Domainname wie m.com oder g.com sind vielleicht bald erlaubt und könnten Millionenerlöse bringen. Offen ist nur, für wen.
- Monika Ermert
Bei der Internet Corporation for Assigned Names and Numbers sind Diskussionen im Gange, eine langgehegte Konvention aufzuheben: die Reservierung von Domains mit nur einem oder zwei Buchstaben oder Zahlen.
Eine Arbeitsgruppe empfahl im Frühjahr, die attraktiven kurzen Adressen nicht mehr grundsätzlich zu sperren. Nun tobt der Streit, wie man am meisten Geld mit m.net verdienen kann, und vor allem, wer es verdienen soll. Bis zum 15. November nimmt die private Netzverwaltung noch Kommentare dazu entgegen.
Puristen sind der Ansicht, wenn die Adressen nicht mehr reserviert und damit geblockt werden sollen, wie es bislang in allen Verträgen mit den Betreibern der Top Level Domain Registries vereinbart ist, dann sollen sie einfach in den normalen Domainpool entlassen werden. Jederman könnte dann versuchen, eine solche Domain zu registrieren, und man kann sich leicht vorstellen, welcher Run auf die Adressen entstehen würde. Zu Geld machen könnten am Ende diejenigen m.com, die beim Registrierrennen die Nase vorne haben. Sie könnten m.com meistbietend an Microsoft, MAN oder Manchester United verkaufen.
Eine Mehrheit von Kommentatoren sprachen sich in der Konsultation bislang daher auch für Auktionsmodelle aus, bei denen die Adressen meistbietend verkauft werden.
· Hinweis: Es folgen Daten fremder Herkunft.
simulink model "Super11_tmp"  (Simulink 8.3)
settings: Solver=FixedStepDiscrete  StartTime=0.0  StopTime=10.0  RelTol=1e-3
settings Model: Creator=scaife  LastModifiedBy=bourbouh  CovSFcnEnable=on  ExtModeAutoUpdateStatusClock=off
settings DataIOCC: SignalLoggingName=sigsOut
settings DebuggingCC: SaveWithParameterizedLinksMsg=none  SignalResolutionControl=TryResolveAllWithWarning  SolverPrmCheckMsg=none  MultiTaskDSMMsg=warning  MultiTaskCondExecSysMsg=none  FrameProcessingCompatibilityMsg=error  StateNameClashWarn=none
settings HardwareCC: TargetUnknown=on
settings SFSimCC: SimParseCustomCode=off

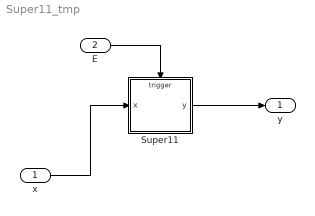
== system Super11_tmp ==
  x : Inport
  E : Inport  Port=2
  Super11 : Stateflow chart  TreatAsAtomicUnit=on
      settings: PermitHierarchicalResolution=ParametersOnly
  y : Outport
  wires:
  x/1 -> Super11/1(x)
  Super11/1(y) -> y/1
  E/1 -> Super11/Trigger

== stateflow chart Super11 ==
  state A
    du : y++;
  state B
    du : y++;
    state B1
      du : y++;
    state B2
      du : y++;
      state B2a
        du : y++;
      (default) -> B2a
      B2a -> (junction 11) : E
    (default) -> B1
    B1 -> B2 : E
    (junction 11) -> B1 [order 2] : [x<>0]
  (junction 17) -> B [order 1] : [x==0]
  A -> (junction 17) : E
  (junction 17) -> B2a [order 2] : [x<>0]
  (junction 11) -> A [order 1] : [x==0]
  (default) -> A
  data: x input int8; y output uint32
  events: E input EITHER_EDGE_EVENT
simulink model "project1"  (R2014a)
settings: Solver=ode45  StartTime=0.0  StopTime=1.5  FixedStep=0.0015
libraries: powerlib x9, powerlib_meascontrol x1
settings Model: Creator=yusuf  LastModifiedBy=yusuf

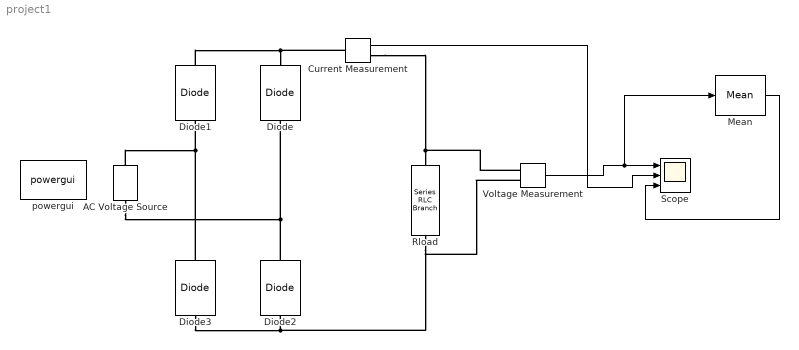
== system project1 ==
  AC Voltage Source : powerlib/Electrical Sources/AC Voltage Source  Amplitude=230.9  Phase=0  Frequency=50  SampleTime=0  Measurements=None
  Current Measurement : powerlib/Measurements/Current Measurement  PhasorSimulation=off  OutputType=Complex  PSBequivalent=0
  Diode{,1..3} (4 alike) : powerlib/Power Electronics/Diode  Ron=0.001  Lon=0  Vf=0.8  IC=0  UseSnubber=off  Rs=500  Cs=250e-9  Measurements=off
  Mean : powerlib_meascontrol/Measurements/Mean  Freq=60  Vinit=0  Ts=0
  Rload : powerlib/Elements/Series RLC Branch  LConnTagsString=__new0  RConnTagsString=__new0  BranchType=RL  Resistance=25  Inductance=1  SetiL0=off  InitialCurrent=0  Capacitance=1e-6  Setx0=off  InitialVoltage=0  Measurements=None
  Scope : Scope  NumInputPorts=3
      settings: TickLabels=on  ShowLegends=on  TimeRange=0.1  YMin=0~-5~-5  YMax=250~5~5
  Voltage Measurement : powerlib/Measurements/Voltage Measurement  PhasorSimulation=off  OutputType=Complex  PSBequivalent=0
  powergui : powerlib/powergui  Priority=1  SimulationMode=Discrete  SolverType=Tustin  SampleTime=1e-6  frequency=60  SPID=off  DisableSnubberDevices=off  DisableRonSwitches=off  DisableVfSwitches=off  SwTol=0  Interpol=off  DisplayEquations=off  Ts=0  methode=off  frequencyindice=50  Pbase=100e6  ErrMax=1e-4  Iterations=50  UnitsV=kV  UnitsW=MW  FunctionMessages=off  echomessages=off  HookPort=off  EnableUseOfTLC=off  x0status=blocks  RestoreLinks=warning  ResistiveCurrentMeasurement=off  Frange=[0:2:500]  Ylog=off  Xlog=on  ShowGrid=off  save=off  variable=ZData  structure=0  ZoomFFT=off  StartTime=0.0  cycles=1  DisplayStyle=1  fundamental=60  FreqAxis=off  MaxFrequency=1000  frequencyindicesteady=1  RmsSteady=1  display=off
  wires:
  Current Measurement/1 -> Scope/2
  Voltage Measurement/1 -> Mean/1, Scope/1
  Mean/1 -> Scope/3
  connections:
  Diode1/RConn1 -- Current Measurement/LConn1 -- Diode/RConn1
  Diode3/RConn1 -- AC Voltage Source/RConn1 -- Diode1/LConn1
  Diode2/RConn1 -- AC Voltage Source/LConn1 -- Diode/LConn1
  Diode3/LConn1 -- Rload/LConn1 -- Voltage Measurement/LConn2 -- Diode2/LConn1
  Voltage Measurement/LConn1 -- Current Measurement/RConn1 -- Rload/RConn1
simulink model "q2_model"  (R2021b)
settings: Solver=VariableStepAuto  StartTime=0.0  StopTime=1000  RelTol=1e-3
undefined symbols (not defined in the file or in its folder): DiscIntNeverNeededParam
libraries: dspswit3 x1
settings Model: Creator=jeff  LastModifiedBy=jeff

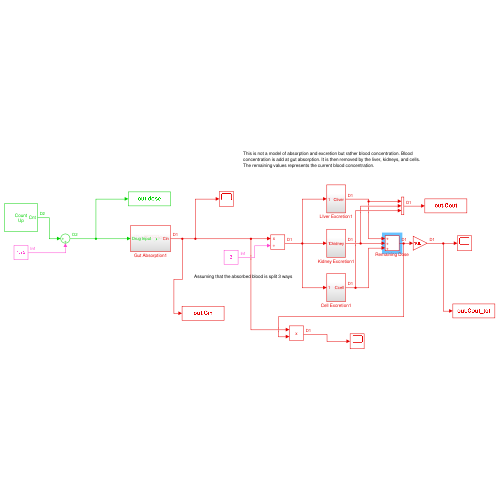
[thumbnail: Simulink's stored preview of the top-level diagram]
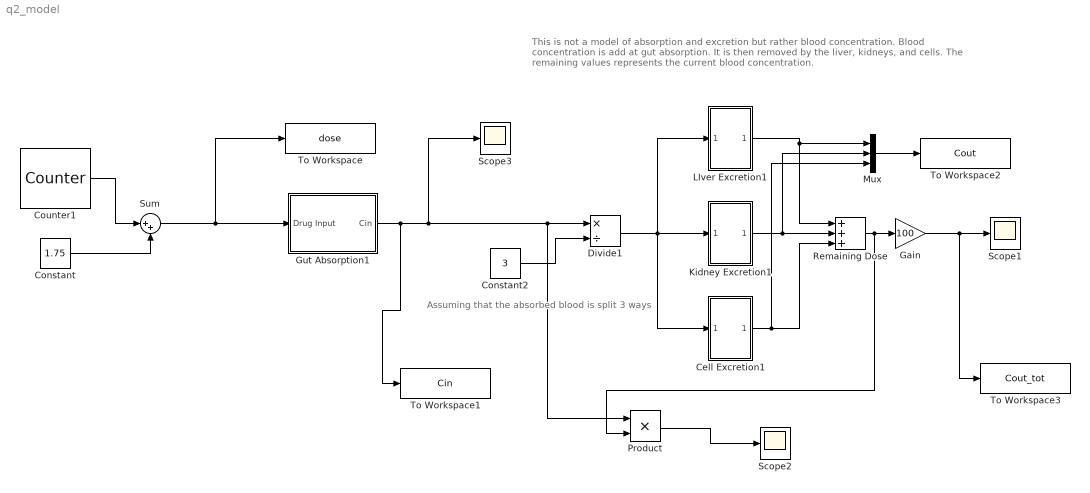
== system q2_model ==
  note: Assuming that the absorbed blood is split 3 ways
  note: This is not a model of absorption and excretion but rather blood concentration. Blood concentration is add at gut absorption. It is then removed by the liver, kidneys, and cells. The remaining values represents the current blood concentration.
  Cell Excretion1 : Subsystem
  Constant : Constant  Value=1.75
  Constant2 : Constant  Value=3
  Counter1 : dspswit3/Counter  Direction=Up  CountEvent=Free running  CounterSize=User defined  MaxCount=255  InitialCount=0  Output=Count  HitValue=32  ResetInput=off  SamplesPerFrame=1  Ts=90  CntDtype=double  HitDtype=Logical
  Divide1 : Product  Inputs=*/
  Gain : Gain  Gain=100
  Gut Absorption1 : Subsystem
  Kidney Excretion1 : Subsystem
  LIver Excretion1 : Subsystem
  Mux : Mux  Inputs=3
  Product : Product
  Remaining Dose : Sum  Inputs=+++
  Scope1 : Scope
  Scope2 : Scope
  Scope3 : Scope
  Sum : Sum  Inputs=|++
  To Workspace : ToWorkspace  VariableName=dose  SaveFormat=Timeseries  SampleTime=-1
  To Workspace1 : ToWorkspace  VariableName=Cin  SaveFormat=Timeseries  SampleTime=-1
  To Workspace2 : ToWorkspace  VariableName=Cout  SaveFormat=Timeseries  SampleTime=-1
  To Workspace3 : ToWorkspace  VariableName=Cout_tot  SaveFormat=Timeseries  SampleTime=-1
  wires:
  Constant2/1 -> Divide1/2
  Divide1/1 -> Cell Excretion1/1(In2), Kidney Excretion1/1(In1), LIver Excretion1/1(In1)
  Kidney Excretion1/1(Ckidney) -> Mux/2, Remaining Dose/2
  Cell Excretion1/1(Ccell) -> Mux/3, Remaining Dose/3
  Remaining Dose/1 -> Product/2, Gain/1
  LIver Excretion1/1(Cliver) -> Remaining Dose/1, Mux/1
  Gut Absorption1/1(Cin) -> Product/1, Divide1/1, Scope3/1, To Workspace1/1
  Counter1/1 -> Sum/1
  Mux/1 -> To Workspace2/1
  Gain/1 -> To Workspace3/1, Scope1/1
  Product/1 -> Scope2/1
  Constant/1 -> Sum/2
  Sum/1 -> To Workspace/1, Gut Absorption1/1(Drug Input)

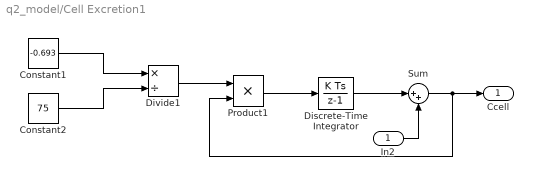
== system q2_model/Cell Excretion1 ==
  In2 : Inport
  Constant1 : Constant  Value=-0.693
  Constant2 : Constant  Value=75
  Discrete-Time Integrator : DiscreteIntegrator  SampleTime=-1  ICPrevOutput=DiscIntNeverNeededParam  ICPrevScaledInput=DiscIntNeverNeededParam
  Divide1 : Product  Inputs=*/
  Product1 : Product
  Sum : Sum  Inputs=|++
  Ccell : Outport
  wires:
  Discrete-Time Integrator/1 -> Sum/1
  Product1/1 -> Discrete-Time Integrator/1
  In2/1 -> Sum/2
  Divide1/1 -> Product1/1
  Sum/1 -> Ccell/1, Product1/2
  Constant1/1 -> Divide1/1
  Constant2/1 -> Divide1/2

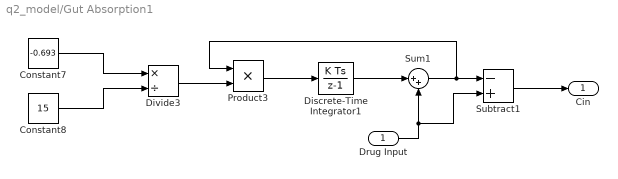
== system q2_model/Gut Absorption1 ==
  Drug Input : Inport
  Constant7 : Constant  Value=-0.693
  Constant8 : Constant  Value=15
  Discrete-Time Integrator1 : DiscreteIntegrator  SampleTime=0.1  ICPrevOutput=DiscIntNeverNeededParam  ICPrevScaledInput=DiscIntNeverNeededParam
  Divide3 : Product  Inputs=*/
  Product3 : Product
  Subtract1 : Sum  Inputs=-+
  Sum1 : Sum  Inputs=|++
  Cin : Outport
  wires:
  Discrete-Time Integrator1/1 -> Sum1/1
  Product3/1 -> Discrete-Time Integrator1/1
  Sum1/1 -> Product3/1, Subtract1/1
  Constant7/1 -> Divide3/1
  Constant8/1 -> Divide3/2
  Drug Input/1 -> Sum1/2, Subtract1/2
  Subtract1/1 -> Cin/1
  Divide3/1 -> Product3/2

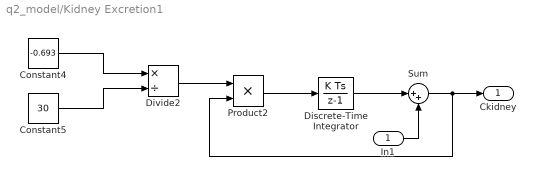
== system q2_model/Kidney Excretion1 ==
  In1 : Inport
  Constant4 : Constant  Value=-0.693
  Constant5 : Constant  Value=30
  Discrete-Time Integrator : DiscreteIntegrator  SampleTime=-1  ICPrevOutput=DiscIntNeverNeededParam  ICPrevScaledInput=DiscIntNeverNeededParam
  Divide2 : Product  Inputs=*/
  Product2 : Product
  Sum : Sum  Inputs=|++
  Ckidney : Outport
  wires:
  Discrete-Time Integrator/1 -> Sum/1
  Product2/1 -> Discrete-Time Integrator/1
  In1/1 -> Sum/2
  Divide2/1 -> Product2/1
  Sum/1 -> Ckidney/1, Product2/2
  Constant4/1 -> Divide2/1
  Constant5/1 -> Divide2/2

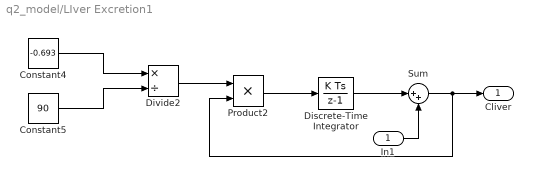
== system q2_model/LIver Excretion1 ==
  In1 : Inport
  Constant4 : Constant  Value=-0.693
  Constant5 : Constant  Value=90
  Discrete-Time Integrator : DiscreteIntegrator  SampleTime=-1  ICPrevOutput=DiscIntNeverNeededParam  ICPrevScaledInput=DiscIntNeverNeededParam
  Divide2 : Product  Inputs=*/
  Product2 : Product
  Sum : Sum  Inputs=|++
  Cliver : Outport
  wires:
  Divide2/1 -> Product2/1
  Constant5/1 -> Divide2/2
  Constant4/1 -> Divide2/1
  Product2/1 -> Discrete-Time Integrator/1
  Discrete-Time Integrator/1 -> Sum/1
  In1/1 -> Sum/2
  Sum/1 -> Cliver/1, Product2/2

Dabei gibt es unterschiedliche Vorstellungen, wie man den besten Preis für die Adressen erzielen kann. Statt alle Adressen auf einmal zu versteigern, könne man interessierte Unternehmen auch um das Recht der ersten Wahl steigern lassen. Wer in Runde eins am meisten Geld hinlegt, dürfte dann aus dem vorhandenen Pool auswählen. Der kanadische Unternehmer George Kirikos entwirft folgendes Szenario: "Sagen wir mal, der Gewinner ist Microsoft, für 20 Millionen, und sie suchen sich m.com aus. Dann wird dieser Name aus der Liste der verfügbaren Adressen herausgenommen, und einen Monat später folgt die nächste Auktion. Nehmen wir an, Google gewinnt, bei einer Summe von 15 Millionen. Sie nehmen G.com aus dem Set der verfügbaren Namen." Insgesamt könnte auf diese Weise ein Haufen Geld zusammenkommen, selbst wenn ICANN keinen Anspruch auf die Auktionserlöse der "jüngeren" 13 generischen Adresszonen erhebt.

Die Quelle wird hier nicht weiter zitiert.